ANCOVA may have been more robust than non-parametric tests for change score to detect significant between the group differences in risk factors of type 2 diabetes (IV) (Jamieson, 1999; Fitzmaurice, 2001). The non-normal distribution of the data, however, enabled the use of this approach even after data transformation. Furthermore, we did not impute the missing response data, because the goal of this study was not to investigate the effectiveness of the intervention. Therefore, the inclusion of dropouts from the trial by means of imputation would have biased the exercise effect, albeit the estimates of clinical effectiveness would have been more accurate.

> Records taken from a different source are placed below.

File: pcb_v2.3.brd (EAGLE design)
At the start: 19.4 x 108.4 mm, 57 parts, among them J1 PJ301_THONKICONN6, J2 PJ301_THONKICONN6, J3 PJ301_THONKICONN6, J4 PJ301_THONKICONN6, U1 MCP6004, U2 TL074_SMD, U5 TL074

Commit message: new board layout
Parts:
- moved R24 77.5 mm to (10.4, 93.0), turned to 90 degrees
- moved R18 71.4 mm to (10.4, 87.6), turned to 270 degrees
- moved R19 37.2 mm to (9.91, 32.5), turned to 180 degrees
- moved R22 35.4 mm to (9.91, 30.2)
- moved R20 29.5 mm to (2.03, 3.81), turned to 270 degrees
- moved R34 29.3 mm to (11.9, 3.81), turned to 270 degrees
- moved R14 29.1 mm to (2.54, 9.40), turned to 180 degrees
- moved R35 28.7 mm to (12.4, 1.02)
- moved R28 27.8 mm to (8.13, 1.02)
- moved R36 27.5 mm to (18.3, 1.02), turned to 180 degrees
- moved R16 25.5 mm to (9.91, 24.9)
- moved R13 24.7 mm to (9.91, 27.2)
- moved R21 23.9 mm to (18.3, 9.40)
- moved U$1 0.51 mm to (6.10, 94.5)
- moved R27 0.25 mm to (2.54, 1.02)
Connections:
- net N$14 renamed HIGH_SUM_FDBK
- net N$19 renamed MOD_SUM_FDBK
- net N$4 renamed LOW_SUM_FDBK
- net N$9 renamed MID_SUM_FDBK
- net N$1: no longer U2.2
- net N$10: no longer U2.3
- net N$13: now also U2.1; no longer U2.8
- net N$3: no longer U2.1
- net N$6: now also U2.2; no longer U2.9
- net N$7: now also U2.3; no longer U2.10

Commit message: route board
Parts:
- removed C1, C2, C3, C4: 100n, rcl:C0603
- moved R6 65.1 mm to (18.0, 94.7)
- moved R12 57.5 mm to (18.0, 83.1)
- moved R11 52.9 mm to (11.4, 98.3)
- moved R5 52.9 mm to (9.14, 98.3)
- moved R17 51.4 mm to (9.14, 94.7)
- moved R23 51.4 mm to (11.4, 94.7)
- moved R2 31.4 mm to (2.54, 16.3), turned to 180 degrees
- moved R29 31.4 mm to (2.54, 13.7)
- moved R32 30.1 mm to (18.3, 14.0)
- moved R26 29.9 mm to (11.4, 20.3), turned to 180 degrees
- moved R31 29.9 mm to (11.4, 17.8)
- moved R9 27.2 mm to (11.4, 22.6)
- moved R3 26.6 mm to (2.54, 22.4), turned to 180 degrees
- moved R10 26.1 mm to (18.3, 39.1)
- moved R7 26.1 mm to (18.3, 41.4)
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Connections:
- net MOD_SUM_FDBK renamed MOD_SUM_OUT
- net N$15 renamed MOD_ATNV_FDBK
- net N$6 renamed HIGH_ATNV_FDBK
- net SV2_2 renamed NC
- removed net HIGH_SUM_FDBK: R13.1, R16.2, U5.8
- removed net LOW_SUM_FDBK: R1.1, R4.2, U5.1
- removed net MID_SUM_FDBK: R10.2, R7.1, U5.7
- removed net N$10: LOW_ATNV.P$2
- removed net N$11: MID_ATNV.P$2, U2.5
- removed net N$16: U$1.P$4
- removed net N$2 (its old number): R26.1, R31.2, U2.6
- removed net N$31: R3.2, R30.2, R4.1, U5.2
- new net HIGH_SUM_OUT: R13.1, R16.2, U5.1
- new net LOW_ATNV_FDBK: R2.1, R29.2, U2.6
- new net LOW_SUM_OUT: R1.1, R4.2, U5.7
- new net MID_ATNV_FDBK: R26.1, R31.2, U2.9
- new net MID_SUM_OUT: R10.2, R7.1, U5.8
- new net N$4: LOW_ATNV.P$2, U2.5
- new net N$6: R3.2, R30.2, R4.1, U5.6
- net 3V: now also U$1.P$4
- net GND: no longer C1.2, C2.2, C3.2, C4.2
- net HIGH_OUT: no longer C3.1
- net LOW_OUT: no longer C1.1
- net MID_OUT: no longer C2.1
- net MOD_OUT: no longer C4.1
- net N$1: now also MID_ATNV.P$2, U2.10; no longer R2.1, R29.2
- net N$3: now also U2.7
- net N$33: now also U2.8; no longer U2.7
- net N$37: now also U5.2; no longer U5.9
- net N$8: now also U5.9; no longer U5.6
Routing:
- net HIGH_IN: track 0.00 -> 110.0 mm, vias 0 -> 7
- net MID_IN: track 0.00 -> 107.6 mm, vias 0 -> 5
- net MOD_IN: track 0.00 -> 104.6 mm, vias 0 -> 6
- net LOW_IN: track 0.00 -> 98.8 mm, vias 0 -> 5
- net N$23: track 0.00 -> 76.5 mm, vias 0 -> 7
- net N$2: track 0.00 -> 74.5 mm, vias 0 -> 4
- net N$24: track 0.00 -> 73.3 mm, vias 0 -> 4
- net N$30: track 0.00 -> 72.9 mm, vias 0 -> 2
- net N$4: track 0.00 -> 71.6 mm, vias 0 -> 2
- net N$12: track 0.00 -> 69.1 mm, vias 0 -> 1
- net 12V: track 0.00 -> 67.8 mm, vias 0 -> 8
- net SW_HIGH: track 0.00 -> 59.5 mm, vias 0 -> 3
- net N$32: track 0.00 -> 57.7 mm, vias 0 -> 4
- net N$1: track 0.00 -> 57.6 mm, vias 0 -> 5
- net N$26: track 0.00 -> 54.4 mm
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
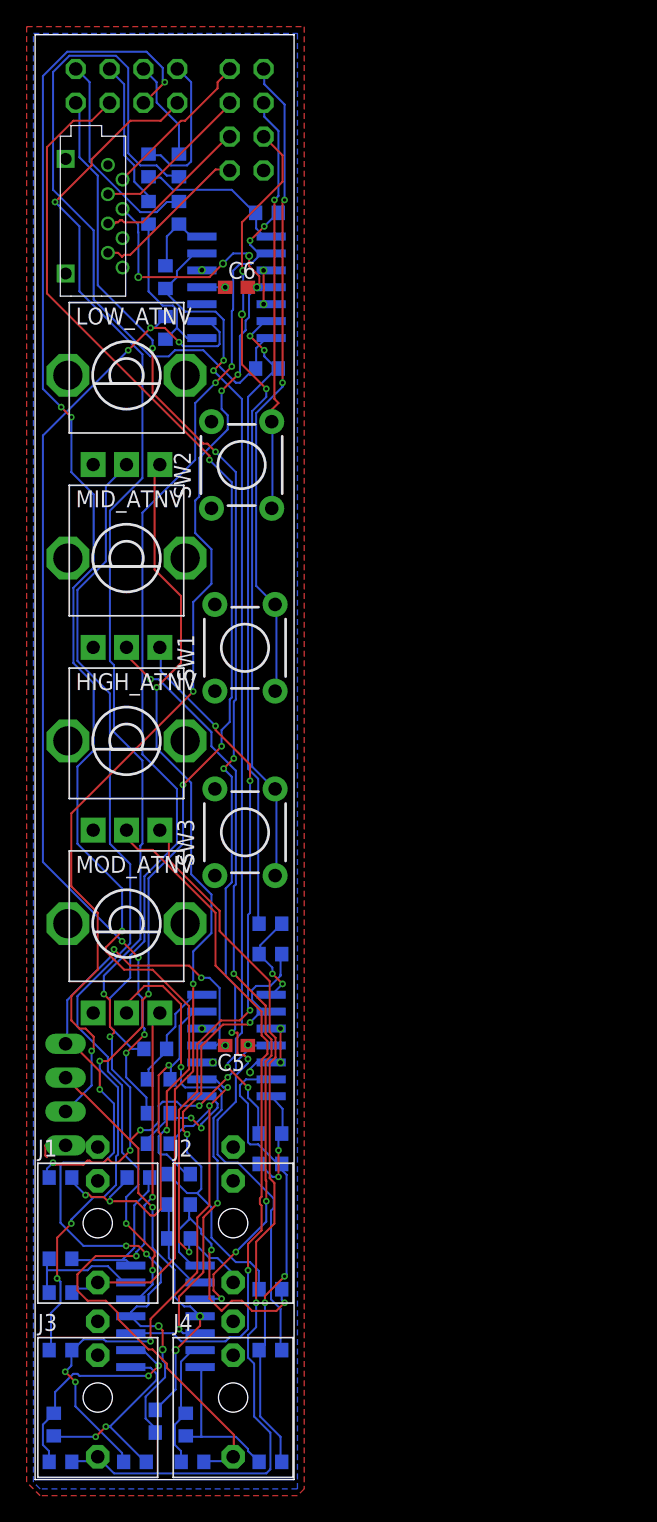
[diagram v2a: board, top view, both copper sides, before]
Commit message: fix switch ordering
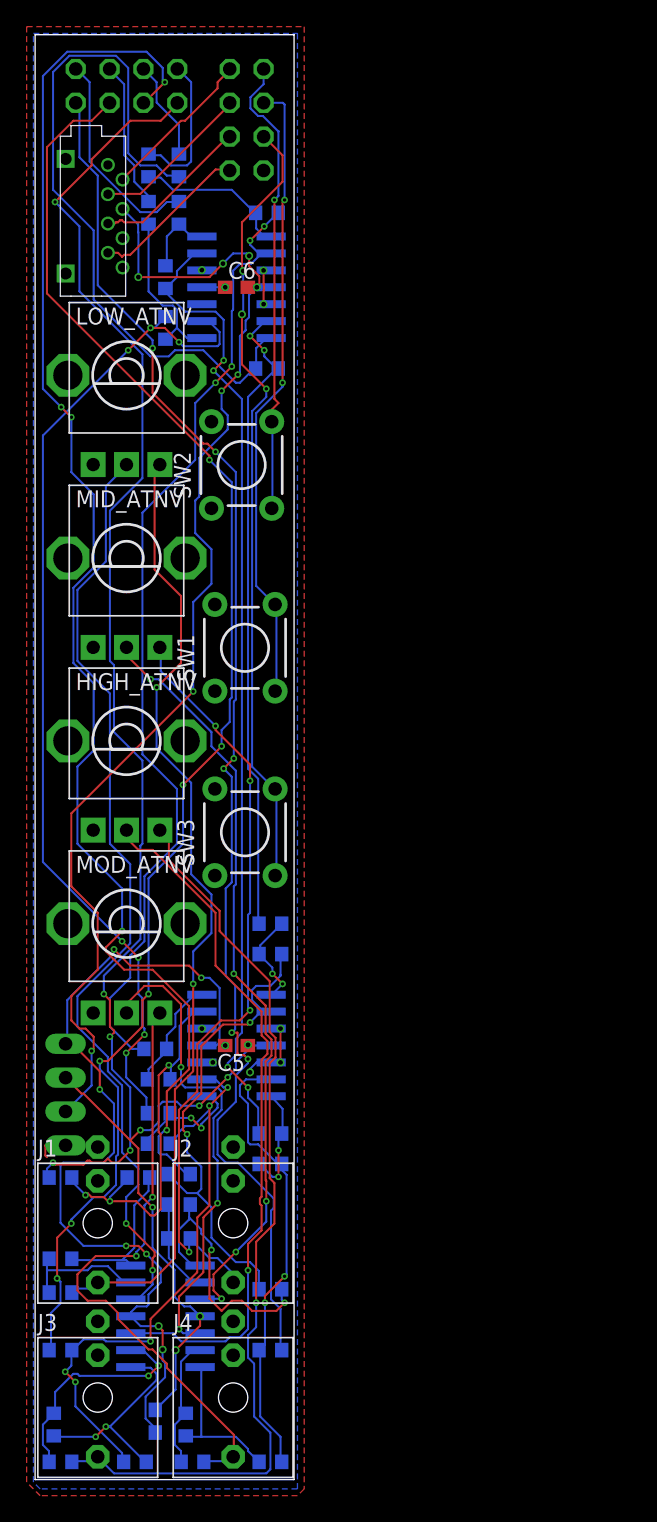
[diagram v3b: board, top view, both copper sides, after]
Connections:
- net SW_LOW: now also SW2.3, SW2.4; no longer SW1.3, SW1.4
- net SW_MID: now also SW1.3, SW1.4; no longer SW2.3, SW2.4
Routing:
- net SW_MID: track 31.4 -> 47.2 mm, vias 1 -> 2
- net SW_LOW: track 48.9 -> 35.0 mm, vias 2 -> 1

Moreover, the inclusion of the baseline value of the dependent variable into the regression analyses (Wasenius et al. unpublished observations) for change, as in

the previous studies (Bouchard and Rankinen, 2001; Nikander et al., 2006), may have biased the interpretation. In this approach, the baseline value is included on both sides of the regression equation (Y2 – Y1 = b0 + bX1 + bY1 + e) making it correlated with the error term. On the other hand, exercise response is widely reported as a change score (Y2 – Y1) and it is well known that the baseline value will have an effect on it. Thus, it would have been contradictory not to include the baseline value to the model. In the present study, several multiple linear regression analyses were performed with and without the baseline value as a predictor, and the one showing most consistency and best fit was reported. The best-fit model was estimated based on the proportion variation explained (R²), lack of multicollinearity, normality, and heteroskedasticity of the residuals.